For all processed metagenomes, it classifies contigs into bins. Next, the bins are refined using the functional Annotation file (GFF) from the Metagenome Annotation workflow and optional contig lineage information. The completeness of and the contamination present in the bins are evaluated bins are assigned a quality level (High Quality (HQ), Medium Quality (MQ), Low Quality (LQ)).

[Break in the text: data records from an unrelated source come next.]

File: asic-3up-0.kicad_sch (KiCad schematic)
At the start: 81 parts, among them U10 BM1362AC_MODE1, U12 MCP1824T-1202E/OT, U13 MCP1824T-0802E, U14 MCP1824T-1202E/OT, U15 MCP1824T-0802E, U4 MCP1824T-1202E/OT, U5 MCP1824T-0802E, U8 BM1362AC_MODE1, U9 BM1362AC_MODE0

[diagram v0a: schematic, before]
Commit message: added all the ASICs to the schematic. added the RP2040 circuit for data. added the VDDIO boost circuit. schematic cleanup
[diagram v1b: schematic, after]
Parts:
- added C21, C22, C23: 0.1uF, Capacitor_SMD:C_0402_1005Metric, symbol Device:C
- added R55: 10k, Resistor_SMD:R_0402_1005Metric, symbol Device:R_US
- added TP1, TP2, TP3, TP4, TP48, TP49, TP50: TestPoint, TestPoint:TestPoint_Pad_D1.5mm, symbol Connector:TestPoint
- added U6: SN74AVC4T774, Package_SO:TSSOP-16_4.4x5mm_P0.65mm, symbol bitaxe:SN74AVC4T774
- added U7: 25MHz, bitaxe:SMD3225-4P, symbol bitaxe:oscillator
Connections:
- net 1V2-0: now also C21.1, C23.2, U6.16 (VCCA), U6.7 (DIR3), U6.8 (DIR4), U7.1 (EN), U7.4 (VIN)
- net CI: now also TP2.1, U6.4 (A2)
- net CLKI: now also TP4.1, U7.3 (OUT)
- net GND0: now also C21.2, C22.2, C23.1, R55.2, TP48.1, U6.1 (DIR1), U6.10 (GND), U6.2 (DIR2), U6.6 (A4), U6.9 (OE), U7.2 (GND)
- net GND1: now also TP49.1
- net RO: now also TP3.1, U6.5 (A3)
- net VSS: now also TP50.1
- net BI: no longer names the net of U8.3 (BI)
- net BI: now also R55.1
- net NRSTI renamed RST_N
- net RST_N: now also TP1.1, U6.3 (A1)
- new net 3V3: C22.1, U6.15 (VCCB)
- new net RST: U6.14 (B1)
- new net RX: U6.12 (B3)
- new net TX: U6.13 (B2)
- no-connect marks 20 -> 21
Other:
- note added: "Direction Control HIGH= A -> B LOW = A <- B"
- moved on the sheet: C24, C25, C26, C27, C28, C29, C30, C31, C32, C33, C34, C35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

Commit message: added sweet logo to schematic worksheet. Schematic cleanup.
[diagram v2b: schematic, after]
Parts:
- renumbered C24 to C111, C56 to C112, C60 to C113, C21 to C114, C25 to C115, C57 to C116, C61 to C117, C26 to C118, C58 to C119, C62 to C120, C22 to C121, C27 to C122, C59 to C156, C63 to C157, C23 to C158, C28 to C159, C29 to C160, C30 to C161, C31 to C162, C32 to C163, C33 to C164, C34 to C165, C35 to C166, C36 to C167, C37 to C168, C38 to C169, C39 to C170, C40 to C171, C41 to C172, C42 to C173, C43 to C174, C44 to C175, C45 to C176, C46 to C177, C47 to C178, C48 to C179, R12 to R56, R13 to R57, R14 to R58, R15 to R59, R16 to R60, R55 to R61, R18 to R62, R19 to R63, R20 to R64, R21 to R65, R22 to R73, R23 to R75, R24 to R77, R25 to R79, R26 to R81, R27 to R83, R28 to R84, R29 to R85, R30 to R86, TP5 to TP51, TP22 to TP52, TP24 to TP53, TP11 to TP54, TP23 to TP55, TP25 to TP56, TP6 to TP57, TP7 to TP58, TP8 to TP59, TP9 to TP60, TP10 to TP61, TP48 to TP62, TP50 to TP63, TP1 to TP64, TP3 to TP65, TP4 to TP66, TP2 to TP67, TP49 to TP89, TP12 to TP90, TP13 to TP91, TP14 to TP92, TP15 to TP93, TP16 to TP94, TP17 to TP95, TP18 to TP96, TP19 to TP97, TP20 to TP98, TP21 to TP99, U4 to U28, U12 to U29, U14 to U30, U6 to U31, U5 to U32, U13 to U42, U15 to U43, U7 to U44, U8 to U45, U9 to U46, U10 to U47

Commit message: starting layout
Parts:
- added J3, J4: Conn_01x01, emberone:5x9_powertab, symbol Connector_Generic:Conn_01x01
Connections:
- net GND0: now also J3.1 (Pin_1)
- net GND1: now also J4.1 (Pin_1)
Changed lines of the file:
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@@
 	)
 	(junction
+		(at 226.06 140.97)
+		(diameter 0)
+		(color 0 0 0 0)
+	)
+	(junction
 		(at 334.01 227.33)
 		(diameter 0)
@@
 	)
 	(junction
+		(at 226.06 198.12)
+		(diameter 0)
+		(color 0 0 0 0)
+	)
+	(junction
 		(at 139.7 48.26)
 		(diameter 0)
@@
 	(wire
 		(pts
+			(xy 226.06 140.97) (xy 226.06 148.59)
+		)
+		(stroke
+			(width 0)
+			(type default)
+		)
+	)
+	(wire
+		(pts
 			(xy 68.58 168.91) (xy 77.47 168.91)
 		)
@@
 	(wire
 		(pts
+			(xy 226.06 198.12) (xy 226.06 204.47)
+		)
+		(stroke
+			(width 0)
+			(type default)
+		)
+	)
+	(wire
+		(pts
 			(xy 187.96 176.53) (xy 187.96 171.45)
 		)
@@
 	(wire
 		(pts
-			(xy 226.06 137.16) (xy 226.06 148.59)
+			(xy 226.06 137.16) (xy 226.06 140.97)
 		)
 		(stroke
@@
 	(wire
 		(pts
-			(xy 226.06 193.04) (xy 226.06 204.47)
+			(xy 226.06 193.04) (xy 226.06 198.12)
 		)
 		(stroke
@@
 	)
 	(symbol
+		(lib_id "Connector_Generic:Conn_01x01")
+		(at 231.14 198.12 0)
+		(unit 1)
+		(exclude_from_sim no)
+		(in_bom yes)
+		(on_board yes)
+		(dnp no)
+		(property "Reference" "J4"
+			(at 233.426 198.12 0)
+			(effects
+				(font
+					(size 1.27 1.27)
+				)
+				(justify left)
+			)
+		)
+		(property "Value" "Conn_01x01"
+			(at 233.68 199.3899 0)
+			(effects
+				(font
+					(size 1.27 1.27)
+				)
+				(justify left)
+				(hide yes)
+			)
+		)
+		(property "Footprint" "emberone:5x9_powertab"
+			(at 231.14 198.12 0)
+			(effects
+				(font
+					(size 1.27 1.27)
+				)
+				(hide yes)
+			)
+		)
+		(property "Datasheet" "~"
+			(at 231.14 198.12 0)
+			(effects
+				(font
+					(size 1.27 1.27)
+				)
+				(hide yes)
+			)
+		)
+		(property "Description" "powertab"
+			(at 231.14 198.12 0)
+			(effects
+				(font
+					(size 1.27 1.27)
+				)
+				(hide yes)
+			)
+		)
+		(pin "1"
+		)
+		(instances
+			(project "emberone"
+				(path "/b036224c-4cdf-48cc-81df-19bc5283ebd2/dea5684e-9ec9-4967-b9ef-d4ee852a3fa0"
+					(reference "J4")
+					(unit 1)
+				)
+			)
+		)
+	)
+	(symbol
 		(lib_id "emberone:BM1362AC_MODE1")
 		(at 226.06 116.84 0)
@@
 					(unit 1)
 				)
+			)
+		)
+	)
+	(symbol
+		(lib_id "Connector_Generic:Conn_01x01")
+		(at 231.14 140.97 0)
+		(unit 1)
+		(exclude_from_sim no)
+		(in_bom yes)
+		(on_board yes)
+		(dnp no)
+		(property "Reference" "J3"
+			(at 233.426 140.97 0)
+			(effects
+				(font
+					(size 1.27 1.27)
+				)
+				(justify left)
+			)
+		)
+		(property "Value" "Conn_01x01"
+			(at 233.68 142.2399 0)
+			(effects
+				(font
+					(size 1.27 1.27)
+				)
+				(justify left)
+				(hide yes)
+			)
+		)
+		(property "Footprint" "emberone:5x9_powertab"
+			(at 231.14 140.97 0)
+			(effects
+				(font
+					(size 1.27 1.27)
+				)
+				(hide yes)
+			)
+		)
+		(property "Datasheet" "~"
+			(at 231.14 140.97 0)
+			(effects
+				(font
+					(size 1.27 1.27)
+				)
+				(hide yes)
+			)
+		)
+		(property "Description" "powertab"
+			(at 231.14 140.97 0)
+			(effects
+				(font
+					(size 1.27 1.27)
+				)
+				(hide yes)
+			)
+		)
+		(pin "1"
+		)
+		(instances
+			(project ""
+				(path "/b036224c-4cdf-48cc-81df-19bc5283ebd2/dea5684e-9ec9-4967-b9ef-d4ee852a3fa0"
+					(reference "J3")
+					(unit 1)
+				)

Running the Metagenome Assembled Genomes (MAGs) Workflow in NMDC EDGE

Select a workflow

  1. From the Metagenomics category in the left menu bar, select ‘Run a Single Workflow’.

  2. Enter a unique project name with no spaces (underscores are fine).

  3. A description is optional, but helpful.

  4. Select ‘Metagenome MAGs’ from the dropdown menu under Workflow.

Input

Metagenome MAGs requires assembled contigs, the read mapping file of reads to assembled contigs, and a functional annotation file. The recommended input would be from the NMDC assembly and annotation workflows. Acceptable file formats: assembled contigs (.fasta, .fa, or .fna); read mapping to assembly (.sam.gz or .bam); functional annotation (.gff)

  1. Click the button to the right of the blank for the Input Contig File. A box called ‘Select a File’ will open to allow the user to find the desired file from a previously run assembly project, the public data folder, or a file uploaded by the user.

  2. Click the button to the right of the blank for the Input Sam/Bam File. A box called ‘Select a File’ will open to allow the user to find the read mapping file from a previously run assembly project, the public data folder, or a file uploaded by the user.

  3. Click the button to the right of the blank for the Input GFF File. A box called ‘Select a File’ will open to allow the user to find the desired file(s) from a previously run annotation project, the public data folder, or a file uploaded by the user.

  4. Then click ‘Submit’.

Output

The General section of the output shows which workflow was run and the run time information.

The Metagenome MAGs Result section provides a Summary section with information on binned and unbinned contigs. The MAGs section provides information such as the completeness of the genome, amount of contamination, and number of genes present on all bins determined to be high quality or medium quality.

The Download Output section provides output files available to download. The primary output file is the zipped file with all bins determined to be high quality or medium quality (hqmq.zip).